Davis depressed the clutch and slipped into neutral. The motor gave a whine of relief.
“What is it?” called Jackson.
“Come out here and tell me,” came the enigmatic reply. Holt had already clambered out of the crow’s nest and was walking away from the tractor, peering carefully at the ground.
Davis and Jackson reached for their headpieces, screwed them down, tested oxygen and radio, then went into the airlock. A few moments later they joined Holt.
“What do you make of this?” asked Holt with suppressed excitement. He pointed down to the dust layer.
“Well, I’ll be damned!” said Jackson. “Man Friday himself!”
He was staring at a set of clear footprints in the telltale lunar dust. Impulsively he planted his own foot down by one of the strange prints and compared the size. His own was narrower and four inches shorter.
“Now,” said Holt, “follow the line.”
Jackson let his gaze run along the trail until it disappeared in the distance. There were two sets of prints: one coming and one going. They ran in dead straight parallel lines toward the crater Tycho.
“What do we do?” asked Davis. “Radio to base?”

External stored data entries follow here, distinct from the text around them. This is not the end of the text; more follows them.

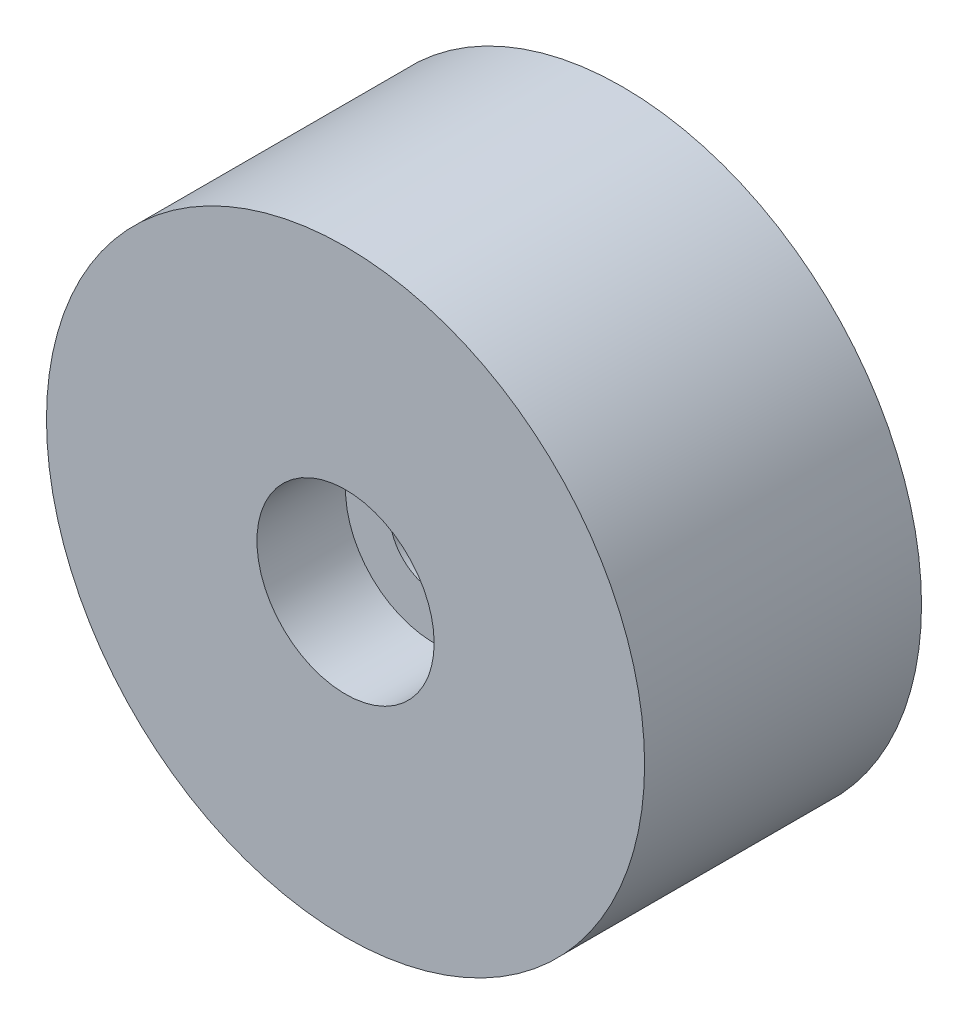
from build123d import *

# Parameters (mm, degrees)
ESQUISSE1_R             = 27
BOSS_EXTRU_1_DEPTH      = 25
ESQUISSE2_R             = 8
ENL_V_MAT_EXTRU_1_DEPTH = 8
ESQUISSE3_R             = 4
ENL_V_MAT_EXTRU_2_DEPTH = 42.797129088


with BuildPart() as part:
    # Esquisse1 → Boss.-Extru.1 (new body)
    with BuildSketch(Plane.XY):
        Circle(ESQUISSE1_R)
    extrude(amount=BOSS_EXTRU_1_DEPTH)

    # Esquisse2 → Enlèv. mat.-Extru.1 (cut)
    with BuildSketch(Plane.XY.offset(25)):
        Circle(ESQUISSE2_R)
    extrude(amount=-ENL_V_MAT_EXTRU_1_DEPTH, mode=Mode.SUBTRACT)

    # Esquisse3 → Enlèv. mat.-Extru.2 (cut, through all)
    with BuildSketch(Plane.XY.offset(17)):
        Circle(ESQUISSE3_R)
    extrude(amount=-ENL_V_MAT_EXTRU_2_DEPTH, mode=Mode.SUBTRACT)


solid = part.part

“Don’t be in such a hurry,” said Jackson irritably. “The good Lord placed an ornamental bulge on the end of your neck. Try and use it.”
“I’m going to give it thirty seconds of film,” announced Holt, unslinging his cine-camera. “Looks like Professor Jantz was being a little conservative when he hit on coal as the only evidence of organic life.”
“Something has walked from the direction of Tycho,” said Jackson half to himself. “It came and apparently stood here a bit, then turned around and walked back.
Now why should it do that? It must have had a purpose.”
“Exercise,” suggested Holt flippantly. “The Lunarian idea of a constitutional.”
“I’m not in the mood for schoolboy humor,” said Jackson. “Think up something useful to say, or use less oxygen.”
Davis suddenly pointed behind them. “Do you see what I see?” he asked.
They turned around and followed his gaze. Four miles away the stripped hulk of the moonship, with its personnel sphere catching the sunlight, was clearly visible—like a low-hung star.
“Holy smoke!” said Holt. “A shy welcome committee! He, she, or it must have watched us touch down.”
“What shall we do?” asked Davis. “Follow the tracks?”
“I don’t think so,” said Jackson slowly. “This is something the bright boys didn’t bargain for. I think we’d better hotfoot back to base and have a powwow.”
“It wouldn’t do any harm to follow the tracks for a little of the way,” suggested Holt.
“What for?”
“You never know, we might pick up some more evidence that will give us a better idea of the character who made them.”
“Also,” said Jackson dryly, “we might bump into the aforementioned character. And he might invite us home for coffee and cream cakes. On the other hand, he might not approve of—intruders.”
Captain Harper gazed at the faces of his five companions. “Well, we have heard Dr. Jackson’s story and seen the film of the tracks. We now have to consider what we are going to do about the situation. As you know, nothing like this was envisaged when we left Earth. . . . Any suggestions?”
Professor Jantz stroked his jaw thoughtfully. “The track marks indicate a biped of considerable stature. There is no appreciable atmosphere on the moon; therefore the creature can do without it, or else he provides his own. It would be safe, I think, to assume that he provides his own. This seems to presuppose a somewhat complex or decidedly intelligent being. The point is, would we be correct in assuming that there are many of his kind?”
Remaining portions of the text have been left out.